Waverly zoning request a ruse, developer suggests

September 20, 1992|By Erik Nelson | Erik Nelson,Staff Writer

Commercial zoning requested for the Waverly Woods II project in Marriottsville may be intended to fool the Zoning Board into allowing the developer to build more homes, said a real estate developer who lives near the proposed 683-acre development.

"Just because you build it, doesn't mean they'll come," William Eitze, financial vice president for Carl M. Freeman Associates Inc. of Potomac, told the Zoning Board Wednesday night.

Office and other commercial space is one component of the massive project under consideration by the County Council members, sitting as the Zoning Board.

The package of zoning changes also would allow development of an 8.5-acre shopping center and 937 houses and apartments around an 18-hole public golf course.

Mr. Eitze, who lives in the Allenford subdivision about three-quarters of a mile from the Waverly Woods site, read from an analysis of the county's office market done by the projects' own expert witness.

The Legg-Mason Realty Group study said there is a 432-year supply of office-zoned land in Ellicott City, which Mr. Eitze said he thought a bit pessimistic, even though it supported his argument.

The report was prepared in July by Legg-Mason's Joseph Cronyn for another rezoning petition.

That petition, for property at U.S. Route 29 and Route 103 in Ellicott City, seeks to scrap office and residential zoning in favor of zoning that would allow a large shopping center.

Part of the Waverly petition seeks the opposite, and would create more more land for office use. Over about 30 years, the development plan calls for building about 1.7 million square feet of office or other commercial space.

"Why on God's green earth would a developer include an element . . . that would be a financial disaster?" Mr. Eitze asked.

The answer, he said, is that the commercial zoning makes the project appear to be a mixed-use development.

Such a zoning designation would be in keeping with the county's 1990 General Plan for growth, presumably improving the project's chances for approval.
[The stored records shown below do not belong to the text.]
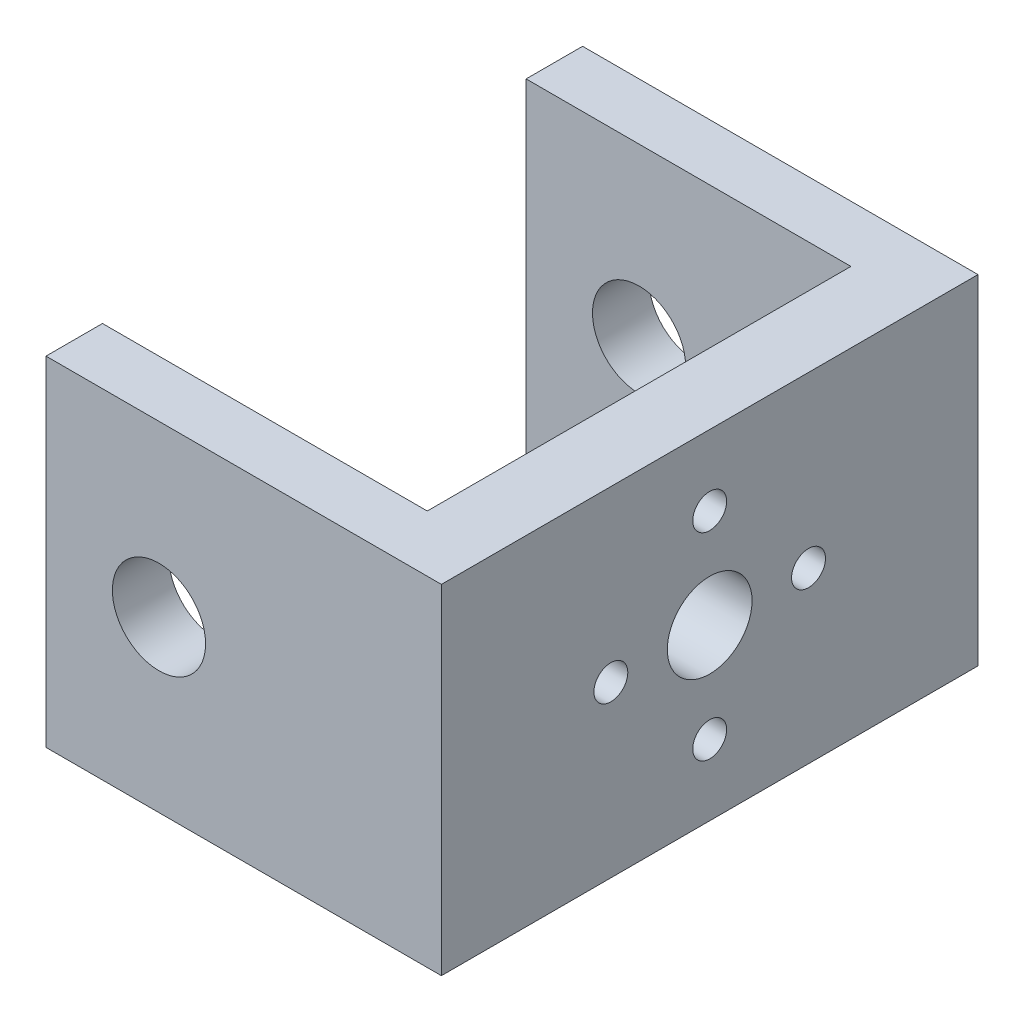
ISO-10303-21;
HEADER;
FILE_DESCRIPTION(('STEP AP214'),'2;1');
FILE_NAME('part.step','',(''),(''),'','','');
FILE_SCHEMA(('AUTOMOTIVE_DESIGN { 1 0 10303 214 1 1 1 1 }'));
ENDSEC;
DATA;
#1=APPLICATION_CONTEXT('core data for automotive mechanical design processes');
#2=APPLICATION_PROTOCOL_DEFINITION('international standard','automotive_design',2000,#1);
#3=PRODUCT_CONTEXT('',#1,'mechanical');
#4=PRODUCT('Part','Part','',(#3));
#5=PRODUCT_RELATED_PRODUCT_CATEGORY('part','',(#4));
#6=PRODUCT_DEFINITION_FORMATION('','',#4);
#7=PRODUCT_DEFINITION_CONTEXT('part definition',#1,'design');
#8=PRODUCT_DEFINITION('design','',#6,#7);
#9=PRODUCT_DEFINITION_SHAPE('','',#8);
#10=(LENGTH_UNIT() NAMED_UNIT(*) SI_UNIT(.MILLI.,.METRE.));
#11=(NAMED_UNIT(*) PLANE_ANGLE_UNIT() SI_UNIT($,.RADIAN.));
#12=(NAMED_UNIT(*) SI_UNIT($,.STERADIAN.) SOLID_ANGLE_UNIT());
#13=UNCERTAINTY_MEASURE_WITH_UNIT(LENGTH_MEASURE(1.E-05),#10,'distance_accuracy_value','');
#14=(GEOMETRIC_REPRESENTATION_CONTEXT(3) GLOBAL_UNCERTAINTY_ASSIGNED_CONTEXT((#13)) GLOBAL_UNIT_ASSIGNED_CONTEXT((#10,
#11,#12)) REPRESENTATION_CONTEXT('',''));
#15=CARTESIAN_POINT('',(0.,0.,0.));
#16=DIRECTION('',(0.,0.,1.));
#17=DIRECTION('',(1.,0.,0.));
#18=AXIS2_PLACEMENT_3D('',#15,#16,#17);
#19=CARTESIAN_POINT('',(0.,0.,-34.));
#20=DIRECTION('',(0.,0.,-1.));
#21=DIRECTION('',(-1.,0.,0.));
#22=AXIS2_PLACEMENT_3D('',#19,#20,#21);
#23=PLANE('',#22);
#24=DIRECTION('',(0.,-1.,0.));
#25=VECTOR('',#24,1.);
#26=CARTESIAN_POINT('',(0.,0.,-34.));
#27=LINE('',#26,#25);
#28=CARTESIAN_POINT('',(0.,24.,-34.));
#29=VERTEX_POINT('',#28);
#30=CARTESIAN_POINT('',(0.,0.,-34.));
#31=VERTEX_POINT('',#30);
#32=EDGE_CURVE('E139',#29,#31,#27,.T.);
#33=ORIENTED_EDGE('',*,*,#32,.F.);
#34=DIRECTION('',(-1.,0.,0.));
#35=VECTOR('',#34,1.);
#36=CARTESIAN_POINT('',(0.,24.,-34.));
#37=LINE('',#36,#35);
#38=CARTESIAN_POINT('',(28.,24.,-34.));
#39=VERTEX_POINT('',#38);
#40=EDGE_CURVE('E135',#39,#29,#37,.T.);
#41=ORIENTED_EDGE('',*,*,#40,.F.);
#42=DIRECTION('',(0.,1.,0.));
#43=VECTOR('',#42,1.);
#44=CARTESIAN_POINT('',(28.,0.,-34.));
#45=LINE('',#44,#43);
#46=CARTESIAN_POINT('',(28.,0.,-34.));
#47=VERTEX_POINT('',#46);
#48=EDGE_CURVE('E188',#47,#39,#45,.T.);
#49=ORIENTED_EDGE('',*,*,#48,.F.);
#50=DIRECTION('',(1.,0.,0.));
#51=VECTOR('',#50,1.);
#52=CARTESIAN_POINT('',(0.,0.,-34.));
#53=LINE('',#52,#51);
#54=EDGE_CURVE('E190',#31,#47,#53,.T.);
#55=ORIENTED_EDGE('',*,*,#54,.F.);
#56=EDGE_LOOP('',(#33,#41,#49,#55));
#57=FACE_BOUND('',#56,.T.);
#58=CARTESIAN_POINT('',(8.,12.,-34.));
#59=DIRECTION('',(0.,0.,1.));
#60=DIRECTION('',(1.,0.,0.));
#61=AXIS2_PLACEMENT_3D('',#58,#59,#60);
#62=CIRCLE('',#61,3.29999999999999);
#63=CARTESIAN_POINT('',(11.3,12.,-34.));
#64=VERTEX_POINT('',#63);
#65=EDGE_CURVE('E211',#64,#64,#62,.T.);
#66=ORIENTED_EDGE('',*,*,#65,.T.);
#67=EDGE_LOOP('',(#66));
#68=FACE_BOUND('',#67,.T.);
#69=ADVANCED_FACE('F39',(#57,#68),#23,.T.);
#70=CARTESIAN_POINT('',(0.,0.,4.));
#71=DIRECTION('',(1.,0.,0.));
#72=DIRECTION('',(0.,0.,-1.));
#73=AXIS2_PLACEMENT_3D('',#70,#71,#72);
#74=PLANE('',#73);
#75=DIRECTION('',(0.,-1.,0.));
#76=VECTOR('',#75,1.);
#77=CARTESIAN_POINT('',(0.,0.,0.));
#78=LINE('',#77,#76);
#79=CARTESIAN_POINT('',(0.,24.,0.));
#80=VERTEX_POINT('',#79);
#81=CARTESIAN_POINT('',(0.,0.,0.));
#82=VERTEX_POINT('',#81);
#83=EDGE_CURVE('E157',#80,#82,#78,.T.);
#84=ORIENTED_EDGE('',*,*,#83,.T.);
#85=DIRECTION('',(0.,0.,-1.));
#86=VECTOR('',#85,1.);
#87=CARTESIAN_POINT('',(0.,0.,4.));
#88=LINE('',#87,#86);
#89=CARTESIAN_POINT('',(0.,0.,4.));
#90=VERTEX_POINT('',#89);
#91=EDGE_CURVE('E11',#90,#82,#88,.T.);
#92=ORIENTED_EDGE('',*,*,#91,.F.);
#93=DIRECTION('',(0.,-1.,0.));
#94=VECTOR('',#93,1.);
#95=CARTESIAN_POINT('',(0.,0.,4.));
#96=LINE('',#95,#94);
#97=CARTESIAN_POINT('',(0.,24.,4.));
#98=VERTEX_POINT('',#97);
#99=EDGE_CURVE('E158',#98,#90,#96,.T.);
#100=ORIENTED_EDGE('',*,*,#99,.F.);
#101=DIRECTION('',(0.,0.,-1.));
#102=VECTOR('',#101,1.);
#103=CARTESIAN_POINT('',(0.,24.,4.));
#104=LINE('',#103,#102);
#105=EDGE_CURVE('E168',#98,#80,#104,.T.);
#106=ORIENTED_EDGE('',*,*,#105,.T.);
#107=EDGE_LOOP('',(#84,#92,#100,#106));
#108=FACE_BOUND('',#107,.T.);
#109=ADVANCED_FACE('F41',(#108),#74,.F.);
#110=CARTESIAN_POINT('',(0.,0.,4.));
#111=DIRECTION('',(0.,1.,0.));
#112=DIRECTION('',(0.,0.,1.));
#113=AXIS2_PLACEMENT_3D('',#110,#111,#112);
#114=PLANE('',#113);
#115=DIRECTION('',(1.,0.,0.));
#116=VECTOR('',#115,1.);
#117=CARTESIAN_POINT('',(0.,0.,0.));
#118=LINE('',#117,#116);
#119=CARTESIAN_POINT('',(23.,0.,0.));
#120=VERTEX_POINT('',#119);
#121=EDGE_CURVE('E172',#82,#120,#118,.T.);
#122=ORIENTED_EDGE('',*,*,#121,.T.);
#123=DIRECTION('',(0.,0.,1.));
#124=VECTOR('',#123,1.);
#125=CARTESIAN_POINT('',(23.,0.,-30.));
#126=LINE('',#125,#124);
#127=CARTESIAN_POINT('',(23.,0.,-30.));
#128=VERTEX_POINT('',#127);
#129=EDGE_CURVE('E120',#128,#120,#126,.T.);
#130=ORIENTED_EDGE('',*,*,#129,.F.);
#131=DIRECTION('',(1.,0.,0.));
#132=VECTOR('',#131,1.);
#133=CARTESIAN_POINT('',(0.,0.,-30.));
#134=LINE('',#133,#132);
#135=CARTESIAN_POINT('',(0.,0.,-30.));
#136=VERTEX_POINT('',#135);
#137=EDGE_CURVE('E112',#136,#128,#134,.T.);
#138=ORIENTED_EDGE('',*,*,#137,.F.);
#139=DIRECTION('',(0.,0.,-1.));
#140=VECTOR('',#139,1.);
#141=CARTESIAN_POINT('',(0.,0.,-30.));
#142=LINE('',#141,#140);
#143=EDGE_CURVE('E117',#136,#31,#142,.T.);
#144=ORIENTED_EDGE('',*,*,#143,.T.);
#145=ORIENTED_EDGE('',*,*,#54,.T.);
#146=DIRECTION('',(0.,0.,-1.));
#147=VECTOR('',#146,1.);
#148=CARTESIAN_POINT('',(28.,0.,4.));
#149=LINE('',#148,#147);
#150=CARTESIAN_POINT('',(28.,0.,4.));
#151=VERTEX_POINT('',#150);
#152=EDGE_CURVE('E48',#151,#47,#149,.T.);
#153=ORIENTED_EDGE('',*,*,#152,.F.);
#154=DIRECTION('',(1.,0.,0.));
#155=VECTOR('',#154,1.);
#156=CARTESIAN_POINT('',(0.,0.,4.));
#157=LINE('',#156,#155);
#158=EDGE_CURVE('E84',#90,#151,#157,.T.);
#159=ORIENTED_EDGE('',*,*,#158,.F.);
#160=ORIENTED_EDGE('',*,*,#91,.T.);
#161=EDGE_LOOP('',(#122,#130,#138,#144,#145,#153,#159,#160));
#162=FACE_BOUND('',#161,.T.);
#163=ADVANCED_FACE('F114',(#162),#114,.F.);
#164=CARTESIAN_POINT('',(28.,0.,4.));
#165=DIRECTION('',(-1.,0.,0.));
#166=DIRECTION('',(0.,0.,1.));
#167=AXIS2_PLACEMENT_3D('',#164,#165,#166);
#168=PLANE('',#167);
#169=CARTESIAN_POINT('',(28.,19.,-14.9999999999999));
#170=DIRECTION('',(1.,0.,0.));
#171=DIRECTION('',(0.,-1.,0.));
#172=AXIS2_PLACEMENT_3D('',#169,#170,#171);
#173=CIRCLE('',#172,1.2);
#174=CARTESIAN_POINT('',(28.,17.8,-14.9999999999999));
#175=VERTEX_POINT('',#174);
#176=EDGE_CURVE('E241',#175,#175,#173,.T.);
#177=ORIENTED_EDGE('',*,*,#176,.F.);
#178=EDGE_LOOP('',(#177));
#179=FACE_BOUND('',#178,.T.);
#180=CARTESIAN_POINT('',(28.,5.,-15.));
#181=DIRECTION('',(1.,0.,0.));
#182=DIRECTION('',(0.,1.,0.));
#183=AXIS2_PLACEMENT_3D('',#180,#181,#182);
#184=CIRCLE('',#183,1.2);
#185=CARTESIAN_POINT('',(28.,6.2,-15.));
#186=VERTEX_POINT('',#185);
#187=EDGE_CURVE('E248',#186,#186,#184,.T.);
#188=ORIENTED_EDGE('',*,*,#187,.F.);
#189=EDGE_LOOP('',(#188));
#190=FACE_BOUND('',#189,.T.);
#191=CARTESIAN_POINT('',(28.,12.,-22.));
#192=DIRECTION('',(1.,0.,0.));
#193=DIRECTION('',(0.,0.,1.));
#194=AXIS2_PLACEMENT_3D('',#191,#192,#193);
#195=CIRCLE('',#194,1.2);
#196=CARTESIAN_POINT('',(28.,12.,-20.8));
#197=VERTEX_POINT('',#196);
#198=EDGE_CURVE('E240',#197,#197,#195,.T.);
#199=ORIENTED_EDGE('',*,*,#198,.F.);
#200=EDGE_LOOP('',(#199));
#201=FACE_BOUND('',#200,.T.);
#202=CARTESIAN_POINT('',(28.,12.,-15.));
#203=DIRECTION('',(1.,0.,0.));
#204=DIRECTION('',(0.,0.,-1.));
#205=AXIS2_PLACEMENT_3D('',#202,#203,#204);
#206=CIRCLE('',#205,3.);
#207=CARTESIAN_POINT('',(28.,12.,-18.));
#208=VERTEX_POINT('',#207);
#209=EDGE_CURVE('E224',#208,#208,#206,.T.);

Mr. Eitze said that if he were the developer, he would come back to the Zoning Board in 15 years, asking to change the 372 acres of commercial land to residential. Using the average density of 6.4 units per acre, Mr. Eitze calculated that converting that land could allow the construction of an additional 832 homes at the site.

Ronald Spahn, one of two attorneys representing developer Donald Reuwer and the property's owners, questioned Mr. Eitze's qualifications during cross-examination.

"You don't study land development, do you?" Mr. Spahn asked, referring to the witness' education.

Mr. Eitze responded that he had taken real estate and land-use courses in law school and that he studies market trends as an officer of a company that has developed over 20,000 apartments and owns and develops property in Maryland, Virginia and Delaware.

In his testimony, Mr. Eitze noted that the Legg-Mason report says the growth in county employment and office space use over the next 20 years will be in an area bounded by Interstate 95, Route32, Route 175 and Columbia's Town Center, miles from the Waverly Woods site in the northeastern tip of Howard.

"It will be very difficult to entice employment growth over here without having some kind of mass transportation corridor" running along Interstate 70, Mr. Eitze said.

Also testifying against the project Wednesday was resident Dave Witt, who argued that there was no legal basis for the 9zoning changes.

If board members grant the zoning change, however, Mr. Witt urged them to "please set some serious conditions on this."